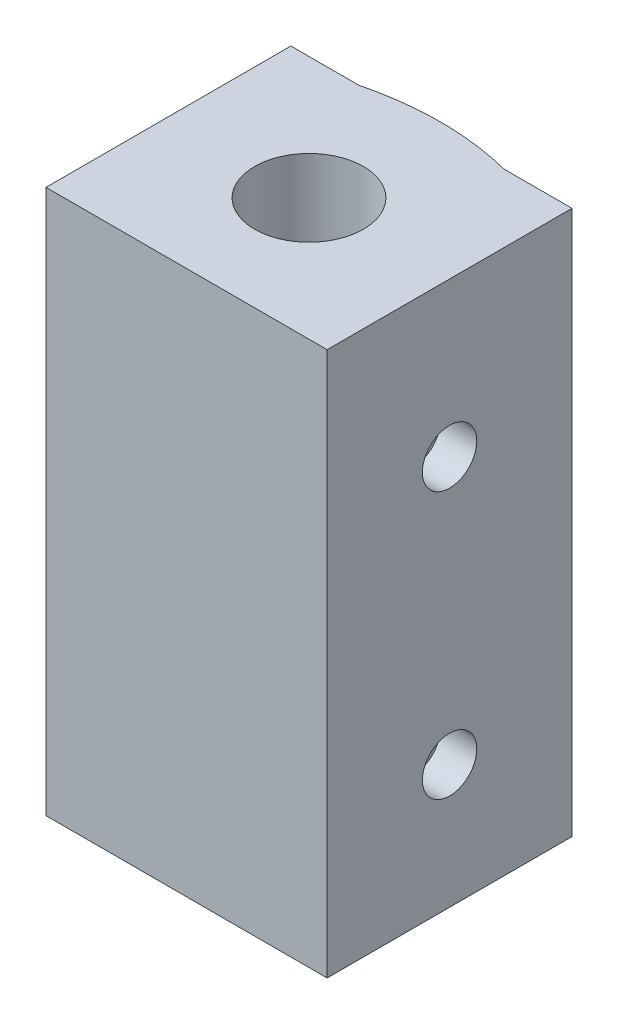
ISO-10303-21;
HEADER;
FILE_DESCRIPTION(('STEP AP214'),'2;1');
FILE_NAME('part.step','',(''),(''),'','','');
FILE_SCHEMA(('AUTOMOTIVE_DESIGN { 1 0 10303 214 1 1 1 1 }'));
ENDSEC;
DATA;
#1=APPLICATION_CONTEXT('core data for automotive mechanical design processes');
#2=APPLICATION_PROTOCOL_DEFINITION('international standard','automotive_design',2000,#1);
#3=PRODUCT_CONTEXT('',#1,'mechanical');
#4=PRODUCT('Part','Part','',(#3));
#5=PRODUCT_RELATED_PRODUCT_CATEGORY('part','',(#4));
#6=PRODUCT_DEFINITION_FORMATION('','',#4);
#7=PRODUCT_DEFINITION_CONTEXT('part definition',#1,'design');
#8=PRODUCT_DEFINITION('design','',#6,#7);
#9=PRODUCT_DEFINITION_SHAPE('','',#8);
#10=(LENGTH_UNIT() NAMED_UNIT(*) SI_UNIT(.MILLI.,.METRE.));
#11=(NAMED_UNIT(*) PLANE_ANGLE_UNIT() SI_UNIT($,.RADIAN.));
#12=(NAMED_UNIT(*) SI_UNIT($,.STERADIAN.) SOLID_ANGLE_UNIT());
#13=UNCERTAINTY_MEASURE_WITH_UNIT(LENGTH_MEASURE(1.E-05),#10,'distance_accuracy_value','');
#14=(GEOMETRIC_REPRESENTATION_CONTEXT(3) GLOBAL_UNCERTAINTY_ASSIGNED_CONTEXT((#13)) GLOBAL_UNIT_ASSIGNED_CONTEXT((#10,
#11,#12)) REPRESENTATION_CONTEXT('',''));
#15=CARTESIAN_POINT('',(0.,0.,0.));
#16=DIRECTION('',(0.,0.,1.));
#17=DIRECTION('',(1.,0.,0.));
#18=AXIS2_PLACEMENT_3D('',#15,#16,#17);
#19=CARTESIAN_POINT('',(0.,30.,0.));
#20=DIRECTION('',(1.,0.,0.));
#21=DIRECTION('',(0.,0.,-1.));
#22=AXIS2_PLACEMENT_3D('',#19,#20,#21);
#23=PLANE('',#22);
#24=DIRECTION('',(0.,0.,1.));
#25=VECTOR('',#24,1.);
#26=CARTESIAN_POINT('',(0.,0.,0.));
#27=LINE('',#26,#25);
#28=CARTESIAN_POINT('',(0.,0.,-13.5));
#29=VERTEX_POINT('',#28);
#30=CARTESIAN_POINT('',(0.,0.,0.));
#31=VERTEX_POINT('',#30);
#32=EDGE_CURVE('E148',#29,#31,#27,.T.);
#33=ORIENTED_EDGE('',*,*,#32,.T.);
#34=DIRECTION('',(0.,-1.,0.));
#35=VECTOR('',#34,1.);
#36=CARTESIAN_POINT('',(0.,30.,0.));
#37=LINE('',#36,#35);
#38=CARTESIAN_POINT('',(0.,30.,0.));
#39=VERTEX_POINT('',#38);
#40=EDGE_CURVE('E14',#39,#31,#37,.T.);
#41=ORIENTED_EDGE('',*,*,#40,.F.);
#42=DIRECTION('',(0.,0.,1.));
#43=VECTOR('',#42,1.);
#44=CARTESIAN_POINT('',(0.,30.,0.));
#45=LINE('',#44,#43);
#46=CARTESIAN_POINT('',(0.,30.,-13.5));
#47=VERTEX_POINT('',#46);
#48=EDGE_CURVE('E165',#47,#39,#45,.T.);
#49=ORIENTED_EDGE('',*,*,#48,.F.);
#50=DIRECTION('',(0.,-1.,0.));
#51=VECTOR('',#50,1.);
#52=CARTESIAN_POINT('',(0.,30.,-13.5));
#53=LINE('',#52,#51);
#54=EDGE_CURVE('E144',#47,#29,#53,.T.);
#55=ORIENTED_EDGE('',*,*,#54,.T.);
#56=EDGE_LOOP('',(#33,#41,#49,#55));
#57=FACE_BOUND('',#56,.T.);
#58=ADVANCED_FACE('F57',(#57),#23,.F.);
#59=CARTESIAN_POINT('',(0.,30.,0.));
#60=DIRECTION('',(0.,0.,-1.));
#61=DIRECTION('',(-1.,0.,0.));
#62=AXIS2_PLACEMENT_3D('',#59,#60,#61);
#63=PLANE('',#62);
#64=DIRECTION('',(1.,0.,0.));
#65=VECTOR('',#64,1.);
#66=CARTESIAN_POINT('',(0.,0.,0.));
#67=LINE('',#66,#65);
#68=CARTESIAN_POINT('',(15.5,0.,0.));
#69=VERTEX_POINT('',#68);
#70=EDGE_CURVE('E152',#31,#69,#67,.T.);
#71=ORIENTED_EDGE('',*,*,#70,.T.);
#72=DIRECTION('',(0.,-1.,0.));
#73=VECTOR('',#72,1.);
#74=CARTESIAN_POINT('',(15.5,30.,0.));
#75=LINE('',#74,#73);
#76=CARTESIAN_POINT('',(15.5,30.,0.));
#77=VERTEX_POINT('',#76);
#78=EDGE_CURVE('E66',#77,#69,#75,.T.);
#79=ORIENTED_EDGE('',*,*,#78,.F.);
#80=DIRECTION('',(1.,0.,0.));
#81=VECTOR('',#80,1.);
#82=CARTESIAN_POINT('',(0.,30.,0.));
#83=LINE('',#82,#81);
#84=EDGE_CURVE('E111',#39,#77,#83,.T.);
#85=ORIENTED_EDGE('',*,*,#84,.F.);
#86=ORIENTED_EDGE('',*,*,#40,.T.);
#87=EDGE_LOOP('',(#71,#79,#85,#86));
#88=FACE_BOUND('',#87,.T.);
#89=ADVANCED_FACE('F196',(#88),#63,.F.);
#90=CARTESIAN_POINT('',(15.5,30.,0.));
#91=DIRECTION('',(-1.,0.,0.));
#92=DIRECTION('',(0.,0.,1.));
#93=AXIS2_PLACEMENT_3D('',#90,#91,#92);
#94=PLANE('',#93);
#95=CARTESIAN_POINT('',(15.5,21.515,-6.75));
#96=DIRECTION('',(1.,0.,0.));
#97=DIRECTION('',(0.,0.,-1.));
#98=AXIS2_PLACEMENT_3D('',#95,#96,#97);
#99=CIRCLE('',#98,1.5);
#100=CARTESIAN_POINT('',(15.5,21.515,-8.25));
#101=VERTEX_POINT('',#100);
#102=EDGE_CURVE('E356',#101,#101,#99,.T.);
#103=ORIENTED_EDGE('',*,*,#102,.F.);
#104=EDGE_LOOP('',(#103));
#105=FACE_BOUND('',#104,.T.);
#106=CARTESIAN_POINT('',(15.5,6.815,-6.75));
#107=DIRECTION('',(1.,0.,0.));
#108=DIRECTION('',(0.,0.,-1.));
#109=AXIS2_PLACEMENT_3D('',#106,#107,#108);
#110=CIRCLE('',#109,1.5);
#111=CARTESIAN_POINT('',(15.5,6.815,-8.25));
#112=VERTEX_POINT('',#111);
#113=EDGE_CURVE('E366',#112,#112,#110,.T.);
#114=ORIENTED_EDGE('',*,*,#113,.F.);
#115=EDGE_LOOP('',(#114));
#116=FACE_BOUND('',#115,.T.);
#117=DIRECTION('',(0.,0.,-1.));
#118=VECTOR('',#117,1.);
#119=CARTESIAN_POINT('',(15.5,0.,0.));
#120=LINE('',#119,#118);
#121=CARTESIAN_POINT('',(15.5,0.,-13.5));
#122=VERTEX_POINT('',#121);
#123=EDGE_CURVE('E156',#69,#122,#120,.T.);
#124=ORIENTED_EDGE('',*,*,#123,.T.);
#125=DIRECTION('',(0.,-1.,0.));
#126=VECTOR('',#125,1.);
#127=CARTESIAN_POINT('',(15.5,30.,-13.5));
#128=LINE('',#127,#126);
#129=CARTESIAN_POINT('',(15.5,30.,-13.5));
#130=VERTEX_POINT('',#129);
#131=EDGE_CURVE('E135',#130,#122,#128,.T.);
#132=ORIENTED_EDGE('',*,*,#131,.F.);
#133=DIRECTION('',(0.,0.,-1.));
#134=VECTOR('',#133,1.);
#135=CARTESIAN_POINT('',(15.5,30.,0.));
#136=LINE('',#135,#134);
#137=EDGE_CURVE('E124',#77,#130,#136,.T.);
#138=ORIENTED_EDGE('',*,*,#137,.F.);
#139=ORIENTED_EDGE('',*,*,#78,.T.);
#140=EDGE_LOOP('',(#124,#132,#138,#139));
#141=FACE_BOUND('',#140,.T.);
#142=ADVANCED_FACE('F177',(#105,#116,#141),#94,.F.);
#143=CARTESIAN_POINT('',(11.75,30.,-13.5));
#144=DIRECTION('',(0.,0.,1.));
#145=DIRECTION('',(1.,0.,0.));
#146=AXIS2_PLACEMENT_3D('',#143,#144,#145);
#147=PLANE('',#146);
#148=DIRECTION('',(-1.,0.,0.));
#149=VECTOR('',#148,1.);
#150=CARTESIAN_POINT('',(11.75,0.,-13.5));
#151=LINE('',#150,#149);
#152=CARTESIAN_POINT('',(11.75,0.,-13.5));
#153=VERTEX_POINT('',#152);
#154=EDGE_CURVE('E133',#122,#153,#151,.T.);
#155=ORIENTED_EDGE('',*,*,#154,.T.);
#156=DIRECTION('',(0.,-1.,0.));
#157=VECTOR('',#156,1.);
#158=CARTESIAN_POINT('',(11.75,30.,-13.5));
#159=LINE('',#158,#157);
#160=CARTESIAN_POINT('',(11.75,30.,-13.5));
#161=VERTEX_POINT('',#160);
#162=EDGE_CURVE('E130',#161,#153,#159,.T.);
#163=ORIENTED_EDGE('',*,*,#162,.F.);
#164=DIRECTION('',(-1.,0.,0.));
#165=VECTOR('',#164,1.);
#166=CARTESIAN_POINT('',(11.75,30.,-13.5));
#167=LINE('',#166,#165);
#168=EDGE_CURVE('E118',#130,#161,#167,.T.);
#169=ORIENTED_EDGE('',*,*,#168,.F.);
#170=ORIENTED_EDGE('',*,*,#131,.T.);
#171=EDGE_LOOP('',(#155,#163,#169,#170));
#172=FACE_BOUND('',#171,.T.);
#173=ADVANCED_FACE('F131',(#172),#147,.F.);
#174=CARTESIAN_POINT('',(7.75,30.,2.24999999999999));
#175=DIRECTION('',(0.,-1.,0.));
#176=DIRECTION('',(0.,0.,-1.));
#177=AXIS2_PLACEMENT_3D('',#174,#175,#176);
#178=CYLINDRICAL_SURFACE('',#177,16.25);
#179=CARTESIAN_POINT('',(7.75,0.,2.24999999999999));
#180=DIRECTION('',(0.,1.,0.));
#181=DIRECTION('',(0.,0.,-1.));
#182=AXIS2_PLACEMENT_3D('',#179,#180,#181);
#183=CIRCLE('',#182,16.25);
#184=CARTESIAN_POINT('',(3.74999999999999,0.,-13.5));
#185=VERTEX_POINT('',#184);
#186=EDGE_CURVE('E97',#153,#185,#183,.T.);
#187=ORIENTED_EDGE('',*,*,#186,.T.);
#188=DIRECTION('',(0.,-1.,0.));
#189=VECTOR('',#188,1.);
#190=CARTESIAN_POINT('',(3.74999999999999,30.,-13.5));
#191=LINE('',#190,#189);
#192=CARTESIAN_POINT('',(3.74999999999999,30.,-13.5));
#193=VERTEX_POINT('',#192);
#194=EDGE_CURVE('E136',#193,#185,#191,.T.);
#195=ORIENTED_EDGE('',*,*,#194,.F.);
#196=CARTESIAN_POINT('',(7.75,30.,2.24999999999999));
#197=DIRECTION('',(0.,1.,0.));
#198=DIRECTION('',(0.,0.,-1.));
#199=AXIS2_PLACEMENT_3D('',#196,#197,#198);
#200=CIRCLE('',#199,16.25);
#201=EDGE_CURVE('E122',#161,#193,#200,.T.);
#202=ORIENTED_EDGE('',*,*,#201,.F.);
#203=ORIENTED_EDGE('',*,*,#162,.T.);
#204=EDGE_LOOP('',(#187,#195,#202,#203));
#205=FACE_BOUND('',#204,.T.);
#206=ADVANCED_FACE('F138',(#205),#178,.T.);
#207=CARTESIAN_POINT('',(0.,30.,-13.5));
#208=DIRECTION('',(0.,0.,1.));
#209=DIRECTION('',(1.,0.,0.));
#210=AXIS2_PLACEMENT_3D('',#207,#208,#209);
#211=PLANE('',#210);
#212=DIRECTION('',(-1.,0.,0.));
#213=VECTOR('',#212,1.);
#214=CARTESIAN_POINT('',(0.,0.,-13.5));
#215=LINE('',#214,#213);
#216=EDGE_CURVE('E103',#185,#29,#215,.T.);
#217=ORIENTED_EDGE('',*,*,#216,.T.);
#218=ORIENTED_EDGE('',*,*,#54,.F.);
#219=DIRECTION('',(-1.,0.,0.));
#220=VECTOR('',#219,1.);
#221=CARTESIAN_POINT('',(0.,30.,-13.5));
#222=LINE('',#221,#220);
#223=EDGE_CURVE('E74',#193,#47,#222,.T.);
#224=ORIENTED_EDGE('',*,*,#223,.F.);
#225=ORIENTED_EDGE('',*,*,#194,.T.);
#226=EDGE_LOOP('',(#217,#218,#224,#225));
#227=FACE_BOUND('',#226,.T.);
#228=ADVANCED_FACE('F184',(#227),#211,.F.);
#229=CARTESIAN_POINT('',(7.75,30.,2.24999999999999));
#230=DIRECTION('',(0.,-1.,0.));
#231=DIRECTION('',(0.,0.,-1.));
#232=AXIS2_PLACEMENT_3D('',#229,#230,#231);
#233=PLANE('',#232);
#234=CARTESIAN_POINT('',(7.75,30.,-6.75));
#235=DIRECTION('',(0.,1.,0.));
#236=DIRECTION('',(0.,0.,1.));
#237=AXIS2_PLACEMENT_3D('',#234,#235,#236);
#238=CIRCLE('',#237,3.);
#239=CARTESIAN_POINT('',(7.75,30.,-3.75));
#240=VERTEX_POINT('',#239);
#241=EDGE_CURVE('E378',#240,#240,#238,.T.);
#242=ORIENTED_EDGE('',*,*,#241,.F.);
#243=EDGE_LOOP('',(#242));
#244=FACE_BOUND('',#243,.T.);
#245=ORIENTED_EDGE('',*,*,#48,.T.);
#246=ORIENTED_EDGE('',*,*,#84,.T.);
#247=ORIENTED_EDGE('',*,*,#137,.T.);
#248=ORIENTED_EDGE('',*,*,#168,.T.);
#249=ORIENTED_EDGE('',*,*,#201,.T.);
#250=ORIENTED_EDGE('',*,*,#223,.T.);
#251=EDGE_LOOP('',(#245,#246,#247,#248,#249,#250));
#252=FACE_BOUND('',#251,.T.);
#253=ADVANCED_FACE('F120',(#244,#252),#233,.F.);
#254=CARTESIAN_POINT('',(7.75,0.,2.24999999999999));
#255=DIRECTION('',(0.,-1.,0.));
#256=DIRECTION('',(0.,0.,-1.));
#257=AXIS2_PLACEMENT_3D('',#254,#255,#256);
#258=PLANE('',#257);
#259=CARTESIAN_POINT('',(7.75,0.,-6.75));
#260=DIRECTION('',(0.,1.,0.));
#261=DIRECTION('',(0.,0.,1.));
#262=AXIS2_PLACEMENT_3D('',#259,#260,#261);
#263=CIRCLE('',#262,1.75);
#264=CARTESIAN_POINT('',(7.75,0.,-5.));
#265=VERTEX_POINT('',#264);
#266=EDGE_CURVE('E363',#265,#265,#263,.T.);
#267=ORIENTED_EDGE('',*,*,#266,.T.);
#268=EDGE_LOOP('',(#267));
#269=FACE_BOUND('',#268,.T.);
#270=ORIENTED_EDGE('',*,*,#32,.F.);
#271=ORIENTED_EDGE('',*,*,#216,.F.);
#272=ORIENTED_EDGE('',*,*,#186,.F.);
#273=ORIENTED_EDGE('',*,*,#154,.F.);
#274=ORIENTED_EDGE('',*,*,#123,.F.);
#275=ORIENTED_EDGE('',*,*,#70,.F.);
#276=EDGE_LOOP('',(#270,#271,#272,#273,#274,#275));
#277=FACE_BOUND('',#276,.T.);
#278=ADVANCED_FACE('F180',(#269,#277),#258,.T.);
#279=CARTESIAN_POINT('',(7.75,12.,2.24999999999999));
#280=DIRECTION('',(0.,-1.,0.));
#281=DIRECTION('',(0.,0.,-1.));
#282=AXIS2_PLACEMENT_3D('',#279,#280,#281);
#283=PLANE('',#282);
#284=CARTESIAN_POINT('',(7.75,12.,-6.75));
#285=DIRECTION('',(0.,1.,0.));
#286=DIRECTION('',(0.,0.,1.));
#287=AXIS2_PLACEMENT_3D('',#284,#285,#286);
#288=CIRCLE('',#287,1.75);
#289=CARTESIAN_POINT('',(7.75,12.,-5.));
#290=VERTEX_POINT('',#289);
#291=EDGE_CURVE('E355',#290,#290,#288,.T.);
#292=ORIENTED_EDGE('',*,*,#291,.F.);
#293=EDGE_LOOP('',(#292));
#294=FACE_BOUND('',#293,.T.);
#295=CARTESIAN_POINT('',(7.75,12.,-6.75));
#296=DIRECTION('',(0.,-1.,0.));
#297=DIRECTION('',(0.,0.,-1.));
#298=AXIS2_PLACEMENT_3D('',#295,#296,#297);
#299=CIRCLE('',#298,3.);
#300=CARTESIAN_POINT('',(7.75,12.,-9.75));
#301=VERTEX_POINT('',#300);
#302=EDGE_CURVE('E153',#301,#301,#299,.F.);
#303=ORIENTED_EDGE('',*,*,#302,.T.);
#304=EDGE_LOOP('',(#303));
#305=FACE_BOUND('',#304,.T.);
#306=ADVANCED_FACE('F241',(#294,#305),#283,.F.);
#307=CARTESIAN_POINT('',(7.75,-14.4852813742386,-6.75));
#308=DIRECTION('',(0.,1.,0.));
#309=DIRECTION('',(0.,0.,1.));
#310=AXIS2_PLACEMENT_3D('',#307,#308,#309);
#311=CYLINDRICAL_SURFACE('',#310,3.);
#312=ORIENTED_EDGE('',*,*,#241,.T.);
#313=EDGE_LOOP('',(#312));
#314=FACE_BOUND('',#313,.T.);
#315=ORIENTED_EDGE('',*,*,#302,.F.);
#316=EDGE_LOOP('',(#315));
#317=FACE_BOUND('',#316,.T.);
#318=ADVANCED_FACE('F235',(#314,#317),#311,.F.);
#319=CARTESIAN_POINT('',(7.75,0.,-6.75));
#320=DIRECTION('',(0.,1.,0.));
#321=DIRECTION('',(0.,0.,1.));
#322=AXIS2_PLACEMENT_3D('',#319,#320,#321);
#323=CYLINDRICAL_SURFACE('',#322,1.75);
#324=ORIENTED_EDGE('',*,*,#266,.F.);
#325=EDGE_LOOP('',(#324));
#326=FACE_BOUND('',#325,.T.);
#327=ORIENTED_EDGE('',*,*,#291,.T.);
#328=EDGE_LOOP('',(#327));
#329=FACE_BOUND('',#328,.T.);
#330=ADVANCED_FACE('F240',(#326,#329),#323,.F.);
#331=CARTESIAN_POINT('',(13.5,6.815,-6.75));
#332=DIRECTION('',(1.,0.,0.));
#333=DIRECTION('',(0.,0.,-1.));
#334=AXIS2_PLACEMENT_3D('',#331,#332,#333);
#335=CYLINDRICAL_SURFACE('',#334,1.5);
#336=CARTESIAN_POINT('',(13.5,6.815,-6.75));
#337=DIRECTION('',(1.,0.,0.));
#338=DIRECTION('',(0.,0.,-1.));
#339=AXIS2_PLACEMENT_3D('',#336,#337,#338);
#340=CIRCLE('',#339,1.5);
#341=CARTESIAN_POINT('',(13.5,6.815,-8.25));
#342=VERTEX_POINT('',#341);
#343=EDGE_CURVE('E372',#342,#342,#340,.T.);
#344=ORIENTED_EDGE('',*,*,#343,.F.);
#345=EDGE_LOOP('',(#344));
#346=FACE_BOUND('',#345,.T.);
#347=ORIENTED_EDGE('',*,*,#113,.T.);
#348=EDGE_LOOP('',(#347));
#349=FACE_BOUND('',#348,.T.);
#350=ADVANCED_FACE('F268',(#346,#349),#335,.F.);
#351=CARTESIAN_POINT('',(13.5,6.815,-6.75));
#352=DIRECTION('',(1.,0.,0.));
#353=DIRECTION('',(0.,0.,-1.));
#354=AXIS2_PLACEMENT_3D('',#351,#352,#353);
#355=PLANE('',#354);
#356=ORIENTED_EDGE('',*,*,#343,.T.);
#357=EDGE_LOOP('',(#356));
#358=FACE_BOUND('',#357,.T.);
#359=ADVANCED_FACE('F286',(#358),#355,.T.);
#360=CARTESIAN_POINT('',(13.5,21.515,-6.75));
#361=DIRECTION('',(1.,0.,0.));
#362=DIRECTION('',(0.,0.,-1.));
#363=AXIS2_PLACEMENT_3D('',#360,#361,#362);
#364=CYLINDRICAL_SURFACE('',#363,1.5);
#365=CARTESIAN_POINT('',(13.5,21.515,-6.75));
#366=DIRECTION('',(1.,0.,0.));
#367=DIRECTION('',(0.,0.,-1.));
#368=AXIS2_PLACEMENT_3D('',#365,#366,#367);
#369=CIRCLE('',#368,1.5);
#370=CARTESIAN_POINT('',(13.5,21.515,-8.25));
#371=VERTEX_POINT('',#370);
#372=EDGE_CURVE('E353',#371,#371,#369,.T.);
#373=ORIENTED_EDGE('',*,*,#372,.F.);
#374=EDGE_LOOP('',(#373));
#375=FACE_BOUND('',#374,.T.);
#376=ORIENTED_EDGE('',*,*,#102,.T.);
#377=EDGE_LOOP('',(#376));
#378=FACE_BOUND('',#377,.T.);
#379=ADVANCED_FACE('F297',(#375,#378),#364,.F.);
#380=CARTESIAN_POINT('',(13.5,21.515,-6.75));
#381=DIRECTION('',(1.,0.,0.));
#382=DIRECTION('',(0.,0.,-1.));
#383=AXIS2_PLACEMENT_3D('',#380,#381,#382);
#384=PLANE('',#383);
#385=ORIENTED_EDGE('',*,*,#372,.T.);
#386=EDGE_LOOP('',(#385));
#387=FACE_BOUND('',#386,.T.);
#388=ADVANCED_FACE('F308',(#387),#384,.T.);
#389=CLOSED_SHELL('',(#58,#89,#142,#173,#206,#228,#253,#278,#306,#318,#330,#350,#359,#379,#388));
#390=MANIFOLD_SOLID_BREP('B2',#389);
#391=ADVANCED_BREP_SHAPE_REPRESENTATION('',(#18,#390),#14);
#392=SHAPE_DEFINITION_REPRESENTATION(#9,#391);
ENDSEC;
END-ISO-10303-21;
....................
■ **Task statement**
A word-for-word copy of the lines above from the one with "#165=VECTOR('',#164,1.);" through the one with "#206=ADVANCED_FACE('F138',(#205),#178,.T.);", inclusive, is the only output wanted.

■ **Exercise response**
#165=VECTOR('',#164,1.);
#166=CARTESIAN_POINT('',(11.75,30.,-13.5));
#167=LINE('',#166,#165);
#168=EDGE_CURVE('E118',#130,#161,#167,.T.);
#169=ORIENTED_EDGE('',*,*,#168,.F.);
#170=ORIENTED_EDGE('',*,*,#131,.T.);
#171=EDGE_LOOP('',(#155,#163,#169,#170));
#172=FACE_BOUND('',#171,.T.);
#173=ADVANCED_FACE('F131',(#172),#147,.F.);
#174=CARTESIAN_POINT('',(7.75,30.,2.24999999999999));
#175=DIRECTION('',(0.,-1.,0.));
#176=DIRECTION('',(0.,0.,-1.));
#177=AXIS2_PLACEMENT_3D('',#174,#175,#176);
#178=CYLINDRICAL_SURFACE('',#177,16.25);
#179=CARTESIAN_POINT('',(7.75,0.,2.24999999999999));
#180=DIRECTION('',(0.,1.,0.));
#181=DIRECTION('',(0.,0.,-1.));
#182=AXIS2_PLACEMENT_3D('',#179,#180,#181);
#183=CIRCLE('',#182,16.25);
#184=CARTESIAN_POINT('',(3.74999999999999,0.,-13.5));
#185=VERTEX_POINT('',#184);
#186=EDGE_CURVE('E97',#153,#185,#183,.T.);
#187=ORIENTED_EDGE('',*,*,#186,.T.);
#188=DIRECTION('',(0.,-1.,0.));
#189=VECTOR('',#188,1.);
#190=CARTESIAN_POINT('',(3.74999999999999,30.,-13.5));
#191=LINE('',#190,#189);
#192=CARTESIAN_POINT('',(3.74999999999999,30.,-13.5));
#193=VERTEX_POINT('',#192);
#194=EDGE_CURVE('E136',#193,#185,#191,.T.);
#195=ORIENTED_EDGE('',*,*,#194,.F.);
#196=CARTESIAN_POINT('',(7.75,30.,2.24999999999999));
#197=DIRECTION('',(0.,1.,0.));
#198=DIRECTION('',(0.,0.,-1.));
#199=AXIS2_PLACEMENT_3D('',#196,#197,#198);
#200=CIRCLE('',#199,16.25);
#201=EDGE_CURVE('E122',#161,#193,#200,.T.);
#202=ORIENTED_EDGE('',*,*,#201,.F.);
#203=ORIENTED_EDGE('',*,*,#162,.T.);
#204=EDGE_LOOP('',(#187,#195,#202,#203));
#205=FACE_BOUND('',#204,.T.);
#206=ADVANCED_FACE('F138',(#205),#178,.T.);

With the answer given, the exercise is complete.